Rechten van verdediging
De ACM bracht in oktober 2021 haar nieuwe werkwijze bij concentratiezaken uit, die de eerdere spelregels bij concentratiezaken uit 2009 vervangt. De ACM moderniseert hiermee naar eigen zeggen haar aanpak bij fusiecontrole. Zo kunnen ACM-meldingen (eindelijk) digitaal worden ingediend. Ook is een procedure ingericht waarbij de ACM haar data-analyses met meldende partijen kan delen.

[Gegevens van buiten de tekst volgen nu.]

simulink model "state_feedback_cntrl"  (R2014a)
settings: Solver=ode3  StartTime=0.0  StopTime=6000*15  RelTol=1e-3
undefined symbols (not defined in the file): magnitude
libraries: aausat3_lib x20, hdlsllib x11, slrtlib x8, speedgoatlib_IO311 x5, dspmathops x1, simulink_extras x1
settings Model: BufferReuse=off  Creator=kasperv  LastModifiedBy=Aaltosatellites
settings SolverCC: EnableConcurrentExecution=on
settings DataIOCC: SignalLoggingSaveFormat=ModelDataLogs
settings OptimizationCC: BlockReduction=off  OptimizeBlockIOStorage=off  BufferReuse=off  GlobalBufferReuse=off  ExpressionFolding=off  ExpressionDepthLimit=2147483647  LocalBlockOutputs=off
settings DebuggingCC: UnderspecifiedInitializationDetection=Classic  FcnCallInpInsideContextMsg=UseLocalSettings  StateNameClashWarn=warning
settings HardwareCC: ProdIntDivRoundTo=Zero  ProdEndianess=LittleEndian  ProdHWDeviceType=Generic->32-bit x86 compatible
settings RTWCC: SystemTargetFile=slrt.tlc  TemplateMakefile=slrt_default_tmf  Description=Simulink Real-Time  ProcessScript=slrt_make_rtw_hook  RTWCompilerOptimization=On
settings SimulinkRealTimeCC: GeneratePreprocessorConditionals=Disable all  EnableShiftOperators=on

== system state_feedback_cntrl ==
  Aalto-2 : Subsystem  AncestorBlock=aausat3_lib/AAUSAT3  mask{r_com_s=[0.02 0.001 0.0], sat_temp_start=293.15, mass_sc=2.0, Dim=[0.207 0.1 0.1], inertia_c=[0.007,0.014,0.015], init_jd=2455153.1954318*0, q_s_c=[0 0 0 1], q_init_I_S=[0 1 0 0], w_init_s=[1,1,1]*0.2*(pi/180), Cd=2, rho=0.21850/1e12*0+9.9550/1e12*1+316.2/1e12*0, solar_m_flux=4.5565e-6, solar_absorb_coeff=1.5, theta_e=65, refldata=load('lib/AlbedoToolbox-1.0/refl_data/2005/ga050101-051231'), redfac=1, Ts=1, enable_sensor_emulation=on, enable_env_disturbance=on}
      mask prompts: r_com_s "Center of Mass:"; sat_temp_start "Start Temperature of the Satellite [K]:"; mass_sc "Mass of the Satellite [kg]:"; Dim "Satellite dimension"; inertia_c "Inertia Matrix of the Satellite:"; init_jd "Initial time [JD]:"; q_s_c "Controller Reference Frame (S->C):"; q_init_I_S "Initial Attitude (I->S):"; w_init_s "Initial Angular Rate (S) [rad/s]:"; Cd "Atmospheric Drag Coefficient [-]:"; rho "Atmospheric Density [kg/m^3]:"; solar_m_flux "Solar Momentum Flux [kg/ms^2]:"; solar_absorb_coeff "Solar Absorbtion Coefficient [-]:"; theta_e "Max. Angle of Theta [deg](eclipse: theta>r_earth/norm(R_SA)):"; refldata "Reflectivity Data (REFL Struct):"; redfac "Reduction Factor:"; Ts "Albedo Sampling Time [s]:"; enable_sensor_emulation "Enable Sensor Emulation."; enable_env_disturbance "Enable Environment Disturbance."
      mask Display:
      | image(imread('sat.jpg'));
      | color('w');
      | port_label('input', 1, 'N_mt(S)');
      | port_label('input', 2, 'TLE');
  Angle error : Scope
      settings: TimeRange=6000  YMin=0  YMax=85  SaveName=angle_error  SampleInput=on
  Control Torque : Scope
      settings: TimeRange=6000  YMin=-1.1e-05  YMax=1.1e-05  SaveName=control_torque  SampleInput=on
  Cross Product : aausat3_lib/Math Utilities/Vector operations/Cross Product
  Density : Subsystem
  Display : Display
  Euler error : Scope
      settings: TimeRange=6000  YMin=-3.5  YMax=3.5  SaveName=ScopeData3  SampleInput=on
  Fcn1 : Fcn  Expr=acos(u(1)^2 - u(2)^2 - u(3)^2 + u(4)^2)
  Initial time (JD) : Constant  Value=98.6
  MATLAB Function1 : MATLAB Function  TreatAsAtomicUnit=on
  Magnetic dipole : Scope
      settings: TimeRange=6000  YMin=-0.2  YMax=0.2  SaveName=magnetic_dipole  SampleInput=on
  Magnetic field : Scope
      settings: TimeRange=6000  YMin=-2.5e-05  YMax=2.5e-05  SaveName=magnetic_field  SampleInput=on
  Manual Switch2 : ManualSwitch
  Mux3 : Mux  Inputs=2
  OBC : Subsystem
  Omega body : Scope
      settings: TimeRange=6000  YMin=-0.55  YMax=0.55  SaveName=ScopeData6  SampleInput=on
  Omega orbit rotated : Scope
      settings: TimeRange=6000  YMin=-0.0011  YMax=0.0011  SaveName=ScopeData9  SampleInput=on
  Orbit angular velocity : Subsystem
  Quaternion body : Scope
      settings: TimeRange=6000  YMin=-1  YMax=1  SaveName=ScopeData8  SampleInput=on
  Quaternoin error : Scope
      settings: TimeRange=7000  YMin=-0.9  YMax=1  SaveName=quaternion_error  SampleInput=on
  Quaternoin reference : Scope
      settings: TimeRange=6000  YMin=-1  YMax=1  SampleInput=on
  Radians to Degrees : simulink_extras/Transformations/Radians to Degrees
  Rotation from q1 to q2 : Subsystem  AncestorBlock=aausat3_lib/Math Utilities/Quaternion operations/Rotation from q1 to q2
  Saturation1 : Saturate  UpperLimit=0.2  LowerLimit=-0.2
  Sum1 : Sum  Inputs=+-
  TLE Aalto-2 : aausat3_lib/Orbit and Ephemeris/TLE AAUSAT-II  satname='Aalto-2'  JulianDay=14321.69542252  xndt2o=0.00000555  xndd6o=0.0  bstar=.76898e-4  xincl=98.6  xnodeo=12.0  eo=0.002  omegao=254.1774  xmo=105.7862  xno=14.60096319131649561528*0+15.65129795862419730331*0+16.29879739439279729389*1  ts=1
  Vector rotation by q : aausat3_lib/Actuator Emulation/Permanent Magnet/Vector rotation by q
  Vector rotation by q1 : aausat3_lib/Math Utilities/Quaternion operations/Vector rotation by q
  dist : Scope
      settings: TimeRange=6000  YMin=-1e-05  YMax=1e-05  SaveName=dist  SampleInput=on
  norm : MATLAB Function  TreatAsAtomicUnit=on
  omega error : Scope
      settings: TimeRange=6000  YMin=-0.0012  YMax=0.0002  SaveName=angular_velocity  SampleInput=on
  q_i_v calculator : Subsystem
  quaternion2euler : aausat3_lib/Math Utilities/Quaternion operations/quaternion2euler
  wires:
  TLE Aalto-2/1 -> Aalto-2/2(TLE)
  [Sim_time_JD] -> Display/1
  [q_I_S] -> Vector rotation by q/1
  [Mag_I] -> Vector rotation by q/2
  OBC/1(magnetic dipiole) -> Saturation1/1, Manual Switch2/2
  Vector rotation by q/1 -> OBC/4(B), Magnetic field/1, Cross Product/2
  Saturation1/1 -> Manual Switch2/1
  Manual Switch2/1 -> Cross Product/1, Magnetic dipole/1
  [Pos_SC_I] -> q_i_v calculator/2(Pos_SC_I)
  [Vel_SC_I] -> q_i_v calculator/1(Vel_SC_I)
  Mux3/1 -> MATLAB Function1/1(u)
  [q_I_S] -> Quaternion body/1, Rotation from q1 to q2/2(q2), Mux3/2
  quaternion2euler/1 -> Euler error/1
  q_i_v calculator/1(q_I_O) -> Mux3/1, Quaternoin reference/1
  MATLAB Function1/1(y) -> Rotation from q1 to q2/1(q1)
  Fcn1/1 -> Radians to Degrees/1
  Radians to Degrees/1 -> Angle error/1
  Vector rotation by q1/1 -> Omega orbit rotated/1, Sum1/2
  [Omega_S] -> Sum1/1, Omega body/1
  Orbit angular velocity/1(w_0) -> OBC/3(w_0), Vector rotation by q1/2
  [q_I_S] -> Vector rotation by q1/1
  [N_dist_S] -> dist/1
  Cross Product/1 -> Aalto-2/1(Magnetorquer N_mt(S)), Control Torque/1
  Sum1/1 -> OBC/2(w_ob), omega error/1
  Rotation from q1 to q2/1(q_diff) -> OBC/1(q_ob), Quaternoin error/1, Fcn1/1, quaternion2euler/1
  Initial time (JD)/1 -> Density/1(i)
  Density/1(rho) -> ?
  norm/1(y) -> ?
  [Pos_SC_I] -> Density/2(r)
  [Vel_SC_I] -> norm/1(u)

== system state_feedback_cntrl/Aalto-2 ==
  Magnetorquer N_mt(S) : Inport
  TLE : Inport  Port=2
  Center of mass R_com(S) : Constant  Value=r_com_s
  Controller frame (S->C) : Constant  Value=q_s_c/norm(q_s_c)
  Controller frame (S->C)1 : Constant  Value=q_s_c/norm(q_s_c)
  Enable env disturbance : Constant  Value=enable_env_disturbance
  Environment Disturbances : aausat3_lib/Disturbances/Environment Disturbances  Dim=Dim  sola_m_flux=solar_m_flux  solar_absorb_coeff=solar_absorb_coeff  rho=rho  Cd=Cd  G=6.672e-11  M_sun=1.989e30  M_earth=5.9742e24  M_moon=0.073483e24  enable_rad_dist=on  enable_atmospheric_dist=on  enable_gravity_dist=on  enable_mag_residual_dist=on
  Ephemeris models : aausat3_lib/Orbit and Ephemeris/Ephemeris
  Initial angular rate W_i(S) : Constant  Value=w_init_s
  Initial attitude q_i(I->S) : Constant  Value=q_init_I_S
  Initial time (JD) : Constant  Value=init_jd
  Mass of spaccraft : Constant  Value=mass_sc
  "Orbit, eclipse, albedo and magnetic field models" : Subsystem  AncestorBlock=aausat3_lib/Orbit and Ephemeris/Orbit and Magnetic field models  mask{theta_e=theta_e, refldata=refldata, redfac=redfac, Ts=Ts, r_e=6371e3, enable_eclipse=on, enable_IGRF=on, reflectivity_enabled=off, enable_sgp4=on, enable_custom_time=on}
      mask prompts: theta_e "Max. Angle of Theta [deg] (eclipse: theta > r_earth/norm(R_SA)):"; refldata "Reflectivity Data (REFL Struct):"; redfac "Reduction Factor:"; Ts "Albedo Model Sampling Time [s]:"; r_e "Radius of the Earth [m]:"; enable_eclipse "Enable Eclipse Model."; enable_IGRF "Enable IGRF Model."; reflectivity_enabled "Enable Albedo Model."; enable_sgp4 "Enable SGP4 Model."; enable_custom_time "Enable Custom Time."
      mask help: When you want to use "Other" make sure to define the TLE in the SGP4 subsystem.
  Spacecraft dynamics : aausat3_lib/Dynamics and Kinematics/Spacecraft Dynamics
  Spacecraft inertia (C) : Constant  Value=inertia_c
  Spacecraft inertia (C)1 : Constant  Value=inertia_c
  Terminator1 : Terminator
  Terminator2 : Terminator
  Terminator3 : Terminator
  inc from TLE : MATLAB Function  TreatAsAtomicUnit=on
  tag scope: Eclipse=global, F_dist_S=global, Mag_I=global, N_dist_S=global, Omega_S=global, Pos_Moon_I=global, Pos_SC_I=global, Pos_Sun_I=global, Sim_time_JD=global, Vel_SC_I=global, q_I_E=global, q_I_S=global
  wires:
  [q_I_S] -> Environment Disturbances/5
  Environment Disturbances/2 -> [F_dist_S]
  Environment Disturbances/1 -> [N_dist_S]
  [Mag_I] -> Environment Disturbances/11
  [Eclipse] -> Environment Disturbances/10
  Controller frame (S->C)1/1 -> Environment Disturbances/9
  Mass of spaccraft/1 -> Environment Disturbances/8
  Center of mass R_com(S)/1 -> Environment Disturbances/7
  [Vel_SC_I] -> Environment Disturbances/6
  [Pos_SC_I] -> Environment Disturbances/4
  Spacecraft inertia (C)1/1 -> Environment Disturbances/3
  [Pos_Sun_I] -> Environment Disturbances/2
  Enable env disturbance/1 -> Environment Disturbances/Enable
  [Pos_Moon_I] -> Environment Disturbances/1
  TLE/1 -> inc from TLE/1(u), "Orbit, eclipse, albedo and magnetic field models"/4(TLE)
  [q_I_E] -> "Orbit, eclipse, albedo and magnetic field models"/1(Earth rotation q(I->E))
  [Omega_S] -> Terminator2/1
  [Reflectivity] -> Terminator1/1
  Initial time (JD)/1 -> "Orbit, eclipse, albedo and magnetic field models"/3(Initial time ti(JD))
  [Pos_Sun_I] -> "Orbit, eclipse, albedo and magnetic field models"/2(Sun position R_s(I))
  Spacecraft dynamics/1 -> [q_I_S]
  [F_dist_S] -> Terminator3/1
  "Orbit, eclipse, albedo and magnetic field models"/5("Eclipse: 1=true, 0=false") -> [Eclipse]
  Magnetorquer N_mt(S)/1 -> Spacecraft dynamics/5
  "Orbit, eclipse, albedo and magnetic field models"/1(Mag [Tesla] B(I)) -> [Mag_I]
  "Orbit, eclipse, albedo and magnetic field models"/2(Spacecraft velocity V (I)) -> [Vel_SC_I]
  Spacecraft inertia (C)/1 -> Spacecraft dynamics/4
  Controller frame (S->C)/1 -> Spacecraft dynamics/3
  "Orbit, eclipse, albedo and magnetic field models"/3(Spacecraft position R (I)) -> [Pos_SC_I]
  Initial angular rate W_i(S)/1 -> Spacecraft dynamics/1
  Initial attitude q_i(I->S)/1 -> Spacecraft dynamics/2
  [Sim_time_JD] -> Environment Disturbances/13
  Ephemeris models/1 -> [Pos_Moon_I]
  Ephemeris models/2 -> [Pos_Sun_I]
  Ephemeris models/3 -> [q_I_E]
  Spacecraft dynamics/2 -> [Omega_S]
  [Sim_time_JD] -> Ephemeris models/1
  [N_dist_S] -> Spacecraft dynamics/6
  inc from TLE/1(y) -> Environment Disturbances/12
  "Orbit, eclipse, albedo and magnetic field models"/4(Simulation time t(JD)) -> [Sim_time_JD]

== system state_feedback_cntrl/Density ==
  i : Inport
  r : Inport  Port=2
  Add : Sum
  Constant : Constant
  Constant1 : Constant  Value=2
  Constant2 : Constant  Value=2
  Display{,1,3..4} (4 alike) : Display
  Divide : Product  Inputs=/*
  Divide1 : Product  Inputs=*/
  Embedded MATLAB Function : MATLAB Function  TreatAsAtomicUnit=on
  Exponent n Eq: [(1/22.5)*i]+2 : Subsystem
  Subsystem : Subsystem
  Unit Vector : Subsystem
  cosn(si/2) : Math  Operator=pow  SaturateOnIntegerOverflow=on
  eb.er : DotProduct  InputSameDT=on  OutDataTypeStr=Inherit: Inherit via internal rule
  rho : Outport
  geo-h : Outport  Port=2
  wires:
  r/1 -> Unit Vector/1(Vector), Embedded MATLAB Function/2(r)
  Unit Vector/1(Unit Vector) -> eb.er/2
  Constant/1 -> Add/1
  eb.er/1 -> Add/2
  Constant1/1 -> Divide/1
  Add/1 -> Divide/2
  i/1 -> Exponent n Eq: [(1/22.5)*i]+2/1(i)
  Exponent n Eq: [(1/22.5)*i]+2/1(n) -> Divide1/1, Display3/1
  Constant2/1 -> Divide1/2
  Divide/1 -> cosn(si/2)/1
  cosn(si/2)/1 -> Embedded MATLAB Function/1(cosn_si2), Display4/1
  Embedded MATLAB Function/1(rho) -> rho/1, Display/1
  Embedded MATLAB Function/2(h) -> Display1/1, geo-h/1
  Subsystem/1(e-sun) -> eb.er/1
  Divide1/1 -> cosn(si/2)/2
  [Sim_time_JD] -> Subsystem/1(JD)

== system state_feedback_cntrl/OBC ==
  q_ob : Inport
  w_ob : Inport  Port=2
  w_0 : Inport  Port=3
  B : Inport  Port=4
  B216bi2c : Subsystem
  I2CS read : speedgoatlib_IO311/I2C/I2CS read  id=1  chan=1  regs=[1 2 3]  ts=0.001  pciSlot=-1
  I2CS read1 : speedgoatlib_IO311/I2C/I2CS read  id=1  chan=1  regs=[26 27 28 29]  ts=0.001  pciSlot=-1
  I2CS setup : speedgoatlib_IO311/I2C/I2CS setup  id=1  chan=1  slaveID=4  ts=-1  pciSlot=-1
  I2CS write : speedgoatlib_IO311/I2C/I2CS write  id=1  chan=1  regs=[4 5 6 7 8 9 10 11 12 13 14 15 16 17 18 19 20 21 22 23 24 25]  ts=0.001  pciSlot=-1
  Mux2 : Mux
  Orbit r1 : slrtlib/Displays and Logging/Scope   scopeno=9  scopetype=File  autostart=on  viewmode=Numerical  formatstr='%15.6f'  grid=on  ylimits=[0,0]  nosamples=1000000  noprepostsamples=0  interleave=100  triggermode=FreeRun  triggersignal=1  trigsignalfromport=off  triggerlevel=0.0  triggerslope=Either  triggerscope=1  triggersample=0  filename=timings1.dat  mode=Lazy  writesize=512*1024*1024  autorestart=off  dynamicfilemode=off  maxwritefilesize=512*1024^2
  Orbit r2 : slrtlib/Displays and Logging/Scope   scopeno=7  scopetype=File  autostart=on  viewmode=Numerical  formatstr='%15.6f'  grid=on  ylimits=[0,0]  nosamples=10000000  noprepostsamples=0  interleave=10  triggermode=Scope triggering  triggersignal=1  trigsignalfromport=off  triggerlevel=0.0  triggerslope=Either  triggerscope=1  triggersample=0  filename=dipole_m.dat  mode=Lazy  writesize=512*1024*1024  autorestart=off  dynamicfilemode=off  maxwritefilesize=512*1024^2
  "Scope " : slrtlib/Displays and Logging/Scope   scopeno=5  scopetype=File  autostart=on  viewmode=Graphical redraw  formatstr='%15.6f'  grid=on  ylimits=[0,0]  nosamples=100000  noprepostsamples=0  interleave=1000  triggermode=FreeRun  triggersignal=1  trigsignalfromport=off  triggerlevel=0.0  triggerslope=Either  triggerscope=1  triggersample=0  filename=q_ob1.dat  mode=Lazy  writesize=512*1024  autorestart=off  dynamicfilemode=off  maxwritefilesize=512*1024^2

De ACM sluit in haar nieuwe werkwijze evenwel nog steeds niet aan bij de Commissie waar het gaat om de procedurele waarborgen voor partijen bij fusietoetsing. De werkwijze van de Commissie bevat, na eerdere kritiek, de waarborg dat de meldende partijen tijdig dat wil zeggen ruim voor het einde van de tweede fase (voorname delen van) het marktdossier te zien krijgen. Dit verzekert dat de meldende partijen tijdig input kunnen leveren op het marktdossier, alvorens de Commissie tot besluitvorming overgaat. Het lag op de weg van de ACM om hier bij herziening van haar spelregels aandacht aan te besteden. De ACM geeft meldende partijen immers géén inzage in het marktdossier totdat de ACM haar punten van overweging uitbrengt. Bij het uitbrengen van de punten van overweging is het ACM marktonderzoek volgens de ACM reeds formeel afgerond. Het is vervolgens de vraag of en in hoeverre het leveren van input op het marktdossier na afronding van het marktonderzoek zinvol is. Het oordeel over de transactie heeft (het zaakteam van) de ACM – zo leert de praktijk – dan al klaar en nader marktonderzoek vindt niet meer plaats. De aanpak om eerst inzage te geven in het marktdossier als de punten van overweging zijn uitgebracht staat zodoende onzes inziens op gespannen voet met het effectief uitoefenen van de rechten van verdediging (zoals het beginsel van hoor- en wederhoor). Aandacht bij de ACM voor dit onderwerp was en is nodig. Dit temeer nu de ACM bij monde van Martijn Snoep concentratiecontrole als hoeksteen en voorname taak (voorkomen is beter dan genezen) van de ACM aanmerkt. Daarbij komt dat de ACM transacties sneller aan een tweede fase onderzoek onderwerpt en bij zorgfusietoetsing steeds strenger toetst en/of met geheel nieuwe schadetheorieën (als de impact van een fusie op de ‘kwaliteit van leven’) werkt en/of partijen een hoorzitting weigert. Kortom, er is sprake van een gemiste kans om met de werkwijze bij concentratiezaken te komen tot meer evenwichtige toetsing van (zorg)concentraties.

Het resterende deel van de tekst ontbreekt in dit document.